YOUR OBJECTIVE -
Please copy out all lines of the entries that contain the word "Inventor".

[SUPPLIED ENTRIES — start]

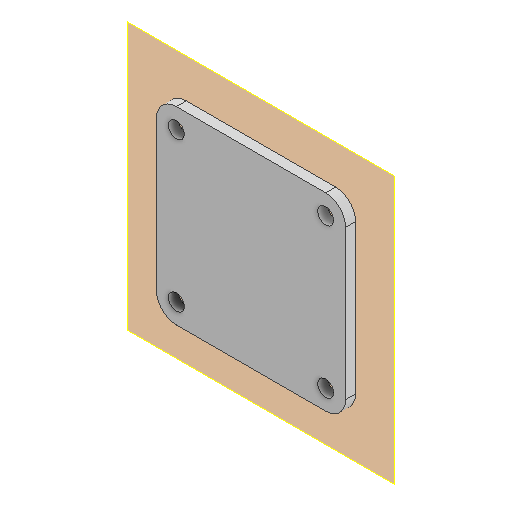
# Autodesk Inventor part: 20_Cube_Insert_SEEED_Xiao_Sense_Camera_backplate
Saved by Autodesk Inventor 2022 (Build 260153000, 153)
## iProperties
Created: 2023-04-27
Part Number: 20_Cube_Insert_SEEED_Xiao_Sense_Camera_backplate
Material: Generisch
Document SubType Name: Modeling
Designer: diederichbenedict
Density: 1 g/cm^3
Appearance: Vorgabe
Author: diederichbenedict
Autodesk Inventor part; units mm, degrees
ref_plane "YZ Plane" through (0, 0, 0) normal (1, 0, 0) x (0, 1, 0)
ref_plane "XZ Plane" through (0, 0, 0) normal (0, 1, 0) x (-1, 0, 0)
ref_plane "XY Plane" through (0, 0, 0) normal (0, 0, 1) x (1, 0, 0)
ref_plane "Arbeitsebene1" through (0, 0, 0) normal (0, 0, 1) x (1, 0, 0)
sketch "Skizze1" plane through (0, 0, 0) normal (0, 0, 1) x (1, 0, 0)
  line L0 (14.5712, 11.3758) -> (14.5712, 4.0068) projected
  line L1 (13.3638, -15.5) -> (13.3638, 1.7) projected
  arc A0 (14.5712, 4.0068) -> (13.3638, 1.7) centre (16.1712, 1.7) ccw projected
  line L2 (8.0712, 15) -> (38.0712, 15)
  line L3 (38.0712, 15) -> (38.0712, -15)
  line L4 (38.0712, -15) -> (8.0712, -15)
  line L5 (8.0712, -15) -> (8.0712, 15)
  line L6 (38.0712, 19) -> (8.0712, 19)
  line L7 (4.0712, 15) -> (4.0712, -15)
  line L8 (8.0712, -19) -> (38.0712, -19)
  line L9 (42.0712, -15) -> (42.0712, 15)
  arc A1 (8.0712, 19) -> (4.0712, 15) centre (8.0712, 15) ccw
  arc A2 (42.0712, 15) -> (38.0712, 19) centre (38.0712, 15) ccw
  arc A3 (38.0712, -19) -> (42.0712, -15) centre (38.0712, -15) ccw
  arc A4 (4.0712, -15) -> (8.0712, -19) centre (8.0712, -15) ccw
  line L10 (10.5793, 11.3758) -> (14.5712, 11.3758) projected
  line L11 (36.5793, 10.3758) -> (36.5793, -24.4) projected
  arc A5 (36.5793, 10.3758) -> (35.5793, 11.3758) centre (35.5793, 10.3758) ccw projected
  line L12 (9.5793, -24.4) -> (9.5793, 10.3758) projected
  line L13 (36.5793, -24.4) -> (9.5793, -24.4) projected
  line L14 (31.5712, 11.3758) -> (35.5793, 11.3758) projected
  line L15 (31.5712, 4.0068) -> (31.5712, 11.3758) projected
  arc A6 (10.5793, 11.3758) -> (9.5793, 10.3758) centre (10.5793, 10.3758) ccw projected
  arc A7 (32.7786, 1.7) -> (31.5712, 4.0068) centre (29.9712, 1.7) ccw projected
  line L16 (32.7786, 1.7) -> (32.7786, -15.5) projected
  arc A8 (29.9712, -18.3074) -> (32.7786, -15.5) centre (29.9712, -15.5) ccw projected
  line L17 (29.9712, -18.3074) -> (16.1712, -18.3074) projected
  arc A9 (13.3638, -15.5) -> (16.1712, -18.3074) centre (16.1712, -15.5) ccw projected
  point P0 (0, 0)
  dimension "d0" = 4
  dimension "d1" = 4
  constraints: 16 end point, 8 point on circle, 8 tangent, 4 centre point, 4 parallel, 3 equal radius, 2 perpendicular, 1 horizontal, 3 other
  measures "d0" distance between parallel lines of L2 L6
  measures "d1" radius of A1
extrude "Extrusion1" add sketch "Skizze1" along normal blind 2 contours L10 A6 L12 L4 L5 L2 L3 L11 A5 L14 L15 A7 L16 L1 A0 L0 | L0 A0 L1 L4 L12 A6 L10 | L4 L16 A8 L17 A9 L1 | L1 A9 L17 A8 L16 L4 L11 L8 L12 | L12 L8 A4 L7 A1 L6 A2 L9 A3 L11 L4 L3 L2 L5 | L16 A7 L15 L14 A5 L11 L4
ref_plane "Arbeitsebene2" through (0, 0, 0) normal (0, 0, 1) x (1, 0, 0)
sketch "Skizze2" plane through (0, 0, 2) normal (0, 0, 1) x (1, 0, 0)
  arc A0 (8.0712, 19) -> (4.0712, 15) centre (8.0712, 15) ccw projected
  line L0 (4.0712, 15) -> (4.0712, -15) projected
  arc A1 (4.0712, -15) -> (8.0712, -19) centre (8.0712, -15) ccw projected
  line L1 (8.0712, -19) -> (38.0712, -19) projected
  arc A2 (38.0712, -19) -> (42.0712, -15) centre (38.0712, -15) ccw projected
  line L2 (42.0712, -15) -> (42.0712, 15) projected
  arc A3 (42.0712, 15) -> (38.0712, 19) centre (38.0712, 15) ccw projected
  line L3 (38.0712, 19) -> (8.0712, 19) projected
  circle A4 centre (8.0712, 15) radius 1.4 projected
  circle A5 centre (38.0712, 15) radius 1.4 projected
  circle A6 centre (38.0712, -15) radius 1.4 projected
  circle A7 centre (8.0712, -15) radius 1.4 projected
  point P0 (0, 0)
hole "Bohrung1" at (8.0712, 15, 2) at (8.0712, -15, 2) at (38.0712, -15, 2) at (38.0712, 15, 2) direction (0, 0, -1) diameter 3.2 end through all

[SUPPLIED ENTRIES — finish]

RESPONSE BOX -
# Autodesk Inventor part: 20_Cube_Insert_SEEED_Xiao_Sense_Camera_backplate
Saved by Autodesk Inventor 2022 (Build 260153000, 153)
Autodesk Inventor part; units mm, degrees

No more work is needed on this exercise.